:: Material provided
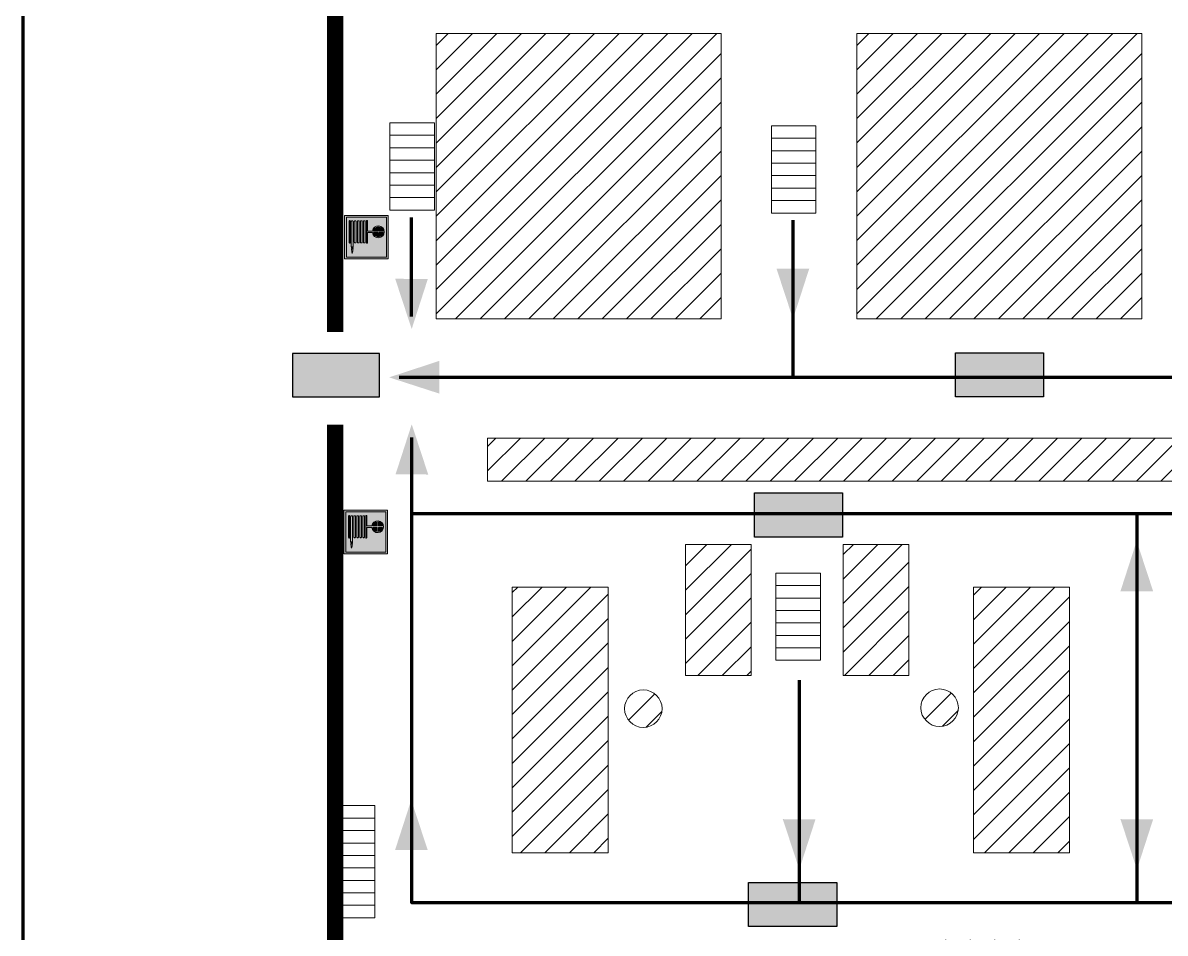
# Model space of a CAD drawing. Header units: millimetres. Extents: x 13114 to 67229, y 22859 to 38520.
# Drawn here: x 29371.4 to 29581.4, y 25173.6 to 25341.1 of the extents above; entities that cross this region are included whole.
import ezdxf

# ---------------------------------------------------------------- set-up
doc = ezdxf.new("R2010")
doc.units = ezdxf.units.MM
doc.layers.add('План_Штампы', color=7, linetype='Continuous')
pattern_1 = [(45, (730.8685, 20343.8374), (-2.24506403, 2.24506403), [])]

# ---------------------------------------------------------------- blocks, each defined once
blk = doc.blocks.new('A$C7B4425F7')
at = {"true_color": 0xffffff}
blk.add_hatch(color=7, dxfattribs=at).paths.add_polyline_path([(0, 0), (-16, 0), (-16, -8), (0, -8)])
h = blk.add_hatch(color=126)
h.paths.add_polyline_path([(-0.2, -0.2), (-15.8, -0.2), (-15.8, -7.8), (-0.2, -7.8)])
h.paths.add_polyline_path([(-11.76, -2.03), (-11.76, -3.66), (-11.17, -3.66, -0.568275), (-11.17, -6.18), (-12.58, -6.18), (-12.58, -2.03)], flags=16)
h.paths.add_polyline_path([(-13.33, -4.12, -0.495768), (-13.59, -6.18), (-15.03, -6.18), (-15.03, -2.03), (-13.59, -2.03, -0.487973)], flags=16)
h.paths.add_polyline_path([(-10.25, -2.03), (-9.48, -2.03), (-9.48, -6.18), (-10.25, -6.18)], flags=16)
h.paths.add_polyline_path([(-13.84, -3.69), (-14.24, -3.69), (-14.24, -3.03), (-13.9, -3.03, -0.692621)], flags=0)
h.paths.add_polyline_path([(-9.15, -2.03), (-8.4, -2.03), (-8.04, -3.07), (-7.68, -2.03), (-6.93, -2.03), (-7.64, -4.1), (-6.93, -6.18), (-7.68, -6.18), (-8.04, -5.14), (-8.4, -6.18), (-9.15, -6.18), (-8.44, -4.1)], flags=16)
h.paths.add_polyline_path([(-11.76, -4.46), (-11.42, -4.46, -0.692621), (-11.36, -5.12), (-11.76, -5.12)], flags=0)
h.paths.add_polyline_path([(-13.9, -5.2), (-14.24, -5.2), (-14.24, -4.55), (-13.84, -4.55, -0.708038)], flags=0)
edge = h.paths.add_edge_path(flags=16)
edge.add_ellipse((-5.51, -4.08), major_axis=(0, 2.05), ratio=0.586184, start_angle=0, end_angle=360)
edge = h.paths.add_edge_path(flags=0)
edge.add_ellipse((-5.51, -4.08), major_axis=(0, 1.14), ratio=0.454828, start_angle=0, end_angle=360)
h.paths.add_polyline_path([(-4.13, -4.96, 0.377264), (-3.48, -4.52, 0.0555), (-3.16, -2.03), (-1.66, -2.03), (-1.66, -4.96), (-0.96, -4.96), (-0.96, -7.01), (-1.75, -7.01), (-1.75, -6.18), (-3.3, -6.18), (-3.3, -7.02), (-4.13, -7.02)], flags=16)
h.paths.add_polyline_path([(-2.73, -2.91), (-2.28, -2.91), (-2.28, -4.96), (-3.05, -4.96, 0.079136)], flags=0)
at = {"color": 126}
blk.add_lwpolyline([(-16, -8), (0, -8), (0, 0), (-16, 0)], close=True, dxfattribs=at)
blk = doc.blocks.new('A$C32E8229D')
at = {"true_color": 0xffffff}
blk.add_hatch(color=7, dxfattribs=at).paths.add_polyline_path([(0, 0), (0, -8), (16, -8), (16, 0)])
h = blk.add_hatch(color=126)
h.paths.add_polyline_path([(0.2, -0.2), (15.8, -0.2), (15.8, -7.8), (0.2, -7.8)])
h.paths.add_polyline_path([(13.49, -2.05), (12.08, -2.05), (11.37, -2.63, 0.162397), (11.29, -2.84), (11.29, -3.63), (10.35, -3.63), (10.35, -4.05), (11.68, -4.05), (11.68, -3.48), (12.26, -4.28), (11.29, -5.1), (11.29, -6.78), (11.85, -6.78), (11.85, -5.44), (12.8, -4.64), (12.8, -5.94), (14.46, -5.94), (14.46, -5.39), (13.45, -5.39), (13.45, -3.97), (12.46, -2.59), (13.15, -2.59), (13.69, -3.34), (14.18, -3)], flags=16)
h.paths.add_polyline_path([(10.74, -1.82, 1), (11.8, -1.82, 1)], flags=16)
h.paths.add_polyline_path([(9.39, -3.59), (5.99, -3.59), (6.56, -3.03), (5.91, -3.03), (5.1, -3.83), (5.91, -4.64), (6.56, -4.64), (5.99, -4.09), (9.39, -4.09)], flags=16)
h.paths.add_polyline_path([(4.29, -1.08), (1.72, -1.08), (1.72, -6.6), (4.29, -6.6)], flags=16)
at = {"color": 126}
blk.add_lwpolyline([(16, -8), (0, -8), (0, 0), (16, 0)], close=True, dxfattribs=at)
blk = doc.blocks.new('A$C37112FD5')
at = {"true_color": 0xf5f5ff}
h = blk.add_hatch(color=7, dxfattribs=at)
h.dxf.hatch_style = 1
h.paths.add_polyline_path([(12.8, -7.4), (0, -7.4), (0, -20.2), (12.8, -20.2)])
h.paths.add_polyline_path([(12.29, -7.91), (12.29, -19.69), (0.51, -19.69), (0.51, -7.91)], flags=16)
h.paths.add_polyline_path([(4.98, -9.04, -0.42597), (5.17, -9.22), (5.17, -12.25), (5.17, -15.29, -0.432244), (4.98, -15.47), (4.83, -15.47, -0.42597), (4.64, -15.29), (4.64, -12.25), (4.64, -9.22, -0.432244), (4.83, -9.04)], flags=0)
h.paths.add_polyline_path([(4.28, -9.22), (4.28, -12.25), (4.28, -15.29, -0.432244), (4.09, -15.47), (3.94, -15.47, -0.42597), (3.75, -15.29), (3.75, -12.25), (3.75, -9.22, -0.432244), (3.94, -9.04), (4.09, -9.04, -0.42597)], flags=0)
h.paths.add_polyline_path([(5.72, -9.04), (5.87, -9.04, -0.42597), (6.06, -9.22), (6.06, -12.25), (6.06, -15.29, -0.432244), (5.87, -15.47), (5.72, -15.47, -0.42597), (5.53, -15.29), (5.53, -12.25), (5.53, -9.22, -0.432244)], flags=0)
h.paths.add_polyline_path([(6.42, -8.9), (6.5, -8.9, -0.42597), (6.69, -9.08), (6.69, -12.03), (8.21, -12.03, -15.824349), (8.21, -12.47), (6.69, -12.47), (6.69, -15.42, -0.432244), (6.5, -15.6), (6.42, -15.6)], flags=0)
h.paths.add_polyline_path([(3.39, -9.22), (3.39, -12.25), (3.39, -15.29, -0.432244), (3.2, -15.47), (3.05, -15.47, -0.42597), (2.85, -15.29), (2.85, -12.25), (2.85, -9.22, -0.432244), (3.05, -9.04), (3.2, -9.04, -0.42597)], flags=0)
h.paths.add_polyline_path([(2.5, -9.22), (2.5, -16.71), (1.96, -16.71), (1.96, -9.22, -0.432244), (2.15, -9.04), (2.31, -9.04, -0.42597)], flags=0)
h.paths.add_polyline_path([(1.61, -8.9), (1.61, -15.6), (1.57, -15.6, -0.42597), (1.37, -15.42), (1.37, -12.03), (1.37, -9.09, -0.432244), (1.57, -8.9)], flags=0)
h.paths.add_polyline_path([(9.76, -10.81), (9.76, -12.03), (8.49, -12.03, -0.336371)], flags=0)
h.paths.add_polyline_path([(8.49, -12.47), (9.76, -12.47), (9.76, -13.7, -0.336371)], flags=0)
h.paths.add_polyline_path([(10.11, -10.81, -0.336371), (11.38, -12.03), (10.11, -12.03)], flags=0)
h.paths.add_polyline_path([(10.11, -12.47), (11.38, -12.47, -0.336371), (10.11, -13.7)], flags=0)
h.paths.add_polyline_path([(2.5, -16.84), (2.5, -17.05), (1.97, -17.05), (1.97, -16.84)], flags=0)
h.paths.add_polyline_path([(2.5, -17.24, -0.033778), (2.24, -18.6, -0.033778), (1.97, -17.24)], flags=0)
h = blk.add_hatch(color=242)
h.dxf.hatch_style = 1
h.paths.add_polyline_path([(12.29, -7.91), (0.51, -7.91), (0.51, -19.69), (12.29, -19.69)])
h.paths.add_polyline_path([(6.42, -15.6), (6.42, -8.9), (6.5, -8.9, -0.42597), (6.69, -9.08), (6.69, -12.03), (8.21, -12.03, -15.824349), (8.21, -12.47), (6.69, -12.47), (6.69, -15.42, -0.432244), (6.5, -15.6)], flags=16)
h.paths.add_polyline_path([(5.87, -15.47), (5.72, -15.47, -0.42597), (5.53, -15.29), (5.53, -12.25), (5.53, -9.22, -0.432244), (5.72, -9.04), (5.87, -9.04, -0.42597), (6.06, -9.22), (6.06, -12.25), (6.06, -15.29, -0.432244)], flags=16)
h.paths.add_polyline_path([(4.98, -15.47), (4.83, -15.47, -0.42597), (4.64, -15.29), (4.64, -12.25), (4.64, -9.22, -0.432244), (4.83, -9.04), (4.98, -9.04, -0.42597), (5.17, -9.22), (5.17, -12.25), (5.17, -15.29, -0.432244)], flags=16)
h.paths.add_polyline_path([(4.09, -15.47), (3.94, -15.47, -0.42597), (3.75, -15.29), (3.75, -12.25), (3.75, -9.22, -0.432244), (3.94, -9.04), (4.09, -9.04, -0.42597), (4.28, -9.22), (4.28, -12.25), (4.28, -15.29, -0.432244)], flags=16)
h.paths.add_polyline_path([(3.2, -15.47), (3.05, -15.47, -0.42597), (2.85, -15.29), (2.85, -12.25), (2.85, -9.22, -0.432244), (3.05, -9.04), (3.2, -9.04, -0.42597), (3.39, -9.22), (3.39, -12.25), (3.39, -15.29, -0.432244)], flags=16)
h.paths.add_polyline_path([(2.5, -17.05), (1.97, -17.05), (1.97, -16.84), (2.5, -16.84)], flags=16)
h.paths.add_polyline_path([(2.5, -17.24, -0.033778), (2.24, -18.6, -0.033778), (1.97, -17.24)], flags=16)
h.paths.add_polyline_path([(2.5, -16.71), (1.96, -16.71), (1.96, -9.22, -0.432244), (2.15, -9.04), (2.31, -9.04, -0.42597), (2.5, -9.22)], flags=16)
h.paths.add_polyline_path([(1.61, -15.6), (1.57, -15.6, -0.42597), (1.37, -15.42), (1.37, -12.03), (1.37, -9.09, -0.432244), (1.57, -8.9), (1.61, -8.9)], flags=16)
h.paths.add_polyline_path([(8.49, -12.47), (9.76, -12.47), (9.76, -13.7, -0.336371)], flags=0)
h.paths.add_polyline_path([(10.11, -13.7), (10.11, -12.47), (11.38, -12.47, -0.336371)], flags=0)
h.paths.add_polyline_path([(8.49, -12.03, -0.336371), (9.76, -10.81), (9.76, -12.03)], flags=0)
h.paths.add_polyline_path([(10.11, -12.03), (10.11, -10.81, -0.336371), (11.38, -12.03)], flags=0)
h = blk.add_hatch(color=7, dxfattribs=at)
h.dxf.hatch_style = 1
h.paths.add_polyline_path([(1.61, -8.9), (1.57, -8.9, 0.432244), (1.37, -9.09), (1.37, -12.03), (1.37, -15.42, 0.42597), (1.57, -15.6), (1.61, -15.6)])
h.paths.add_polyline_path([(2.5, -9.22, 0.42597), (2.31, -9.04), (2.15, -9.04, 0.432244), (1.96, -9.22), (1.96, -16.71), (2.5, -16.71)])
h.paths.add_polyline_path([(2.5, -16.84), (1.97, -16.84), (1.97, -17.05), (2.5, -17.05)])
h.paths.add_polyline_path([(2.5, -17.24), (1.97, -17.24, 0.033778), (2.24, -18.6, 0.033778)])
h.paths.add_polyline_path([(3.39, -12.25), (3.39, -9.22, 0.42597), (3.2, -9.04), (3.05, -9.04, 0.432244), (2.85, -9.22), (2.85, -12.25), (2.85, -15.29, 0.42597), (3.05, -15.47), (3.2, -15.47, 0.432244), (3.39, -15.29)])
h.paths.add_polyline_path([(4.28, -12.25), (4.28, -9.22, 0.42597), (4.09, -9.04), (3.94, -9.04, 0.432244), (3.75, -9.22), (3.75, -12.25), (3.75, -15.29, 0.42597), (3.94, -15.47), (4.09, -15.47, 0.432244), (4.28, -15.29)])
h.paths.add_polyline_path([(5.17, -12.25), (5.17, -9.22, 0.42597), (4.98, -9.04), (4.83, -9.04, 0.432244), (4.64, -9.22), (4.64, -12.25), (4.64, -15.29, 0.42597), (4.83, -15.47), (4.98, -15.47, 0.432244), (5.17, -15.29)])
h.paths.add_polyline_path([(6.06, -12.25), (6.06, -9.22, 0.42597), (5.87, -9.04), (5.72, -9.04, 0.432244), (5.53, -9.22), (5.53, -12.25), (5.53, -15.29, 0.42597), (5.72, -15.47), (5.87, -15.47, 0.432244), (6.06, -15.29)])
h.paths.add_polyline_path([(6.69, -12.47), (8.21, -12.47, 15.824349), (8.21, -12.03), (6.69, -12.03), (6.69, -9.08, 0.42597), (6.5, -8.9), (6.42, -8.9), (6.42, -15.6), (6.5, -15.6, 0.432244), (6.69, -15.42)])
h.paths.add_polyline_path([(8.49, -12.47), (9.76, -12.47), (9.76, -13.7, -0.336371)], flags=16)
h.paths.add_polyline_path([(8.49, -12.03, -0.336371), (9.76, -10.81), (9.76, -12.03)], flags=16)
h.paths.add_polyline_path([(10.11, -12.47), (11.38, -12.47, -0.336371), (10.11, -13.7)], flags=16)
h.paths.add_polyline_path([(10.11, -12.03), (10.11, -10.81, -0.336371), (11.38, -12.03)], flags=16)
h = blk.add_hatch(color=242)
h.dxf.hatch_style = 1
h.paths.add_polyline_path([(9.76, -10.81, 0.336371), (8.49, -12.03), (9.76, -12.03)])
h.paths.add_polyline_path([(10.11, -10.81), (10.11, -12.03), (11.38, -12.03, 0.336371)])
h.paths.add_polyline_path([(11.38, -12.47), (10.11, -12.47), (10.11, -13.7, 0.336371)])
h.paths.add_polyline_path([(9.76, -12.47), (8.49, -12.47, 0.336371), (9.76, -13.7)])
at = {"color": 242, "lineweight": 5}
for p, q in [((0, -20.2), (0, -7.4)), ((0, -7.4), (12.8, -7.4)), ((1.37, -12.03), (1.37, -9.08)), ((1.57, -8.9), (1.61, -8.9)), ((1.61, -8.9), (1.61, -15.6)), ((1.96, -16.71), (1.96, -9.22)), ((2.15, -9.04), (2.31, -9.04)), ((2.5, -16.71), (2.5, -9.22)), ((2.85, -12.25), (2.85, -9.22)), ((3.05, -9.04), (3.2, -9.04)), ((3.39, -12.25), (3.39, -9.22)), ((3.75, -12.25), (3.75, -9.22)), ((3.94, -9.04), (4.09, -9.04)), ((4.28, -12.25), (4.28, -9.22)), ((4.64, -12.25), (4.64, -9.22)), ((4.83, -9.04), (4.98, -9.04)), ((5.17, -12.25), (5.17, -9.22)), ((5.53, -12.25), (5.53, -9.22)), ((5.72, -9.04), (5.87, -9.04)), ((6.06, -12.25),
::::
**Task prompt**
Both the line containing "(16, 0)], close=True, dxfattribs=at)" and the line containing "(0.51, -7.91)], flags=16)" belong in the answer. Print them and every line above that falls between them exactly, and no others.

**Finished task**
blk.add_lwpolyline([(16, -8), (0, -8), (0, 0), (16, 0)], close=True, dxfattribs=at)
blk = doc.blocks.new('A$C37112FD5')
at = {"true_color": 0xf5f5ff}
h = blk.add_hatch(color=7, dxfattribs=at)
h.dxf.hatch_style = 1
h.paths.add_polyline_path([(12.8, -7.4), (0, -7.4), (0, -20.2), (12.8, -20.2)])
h.paths.add_polyline_path([(12.29, -7.91), (12.29, -19.69), (0.51, -19.69), (0.51, -7.91)], flags=16)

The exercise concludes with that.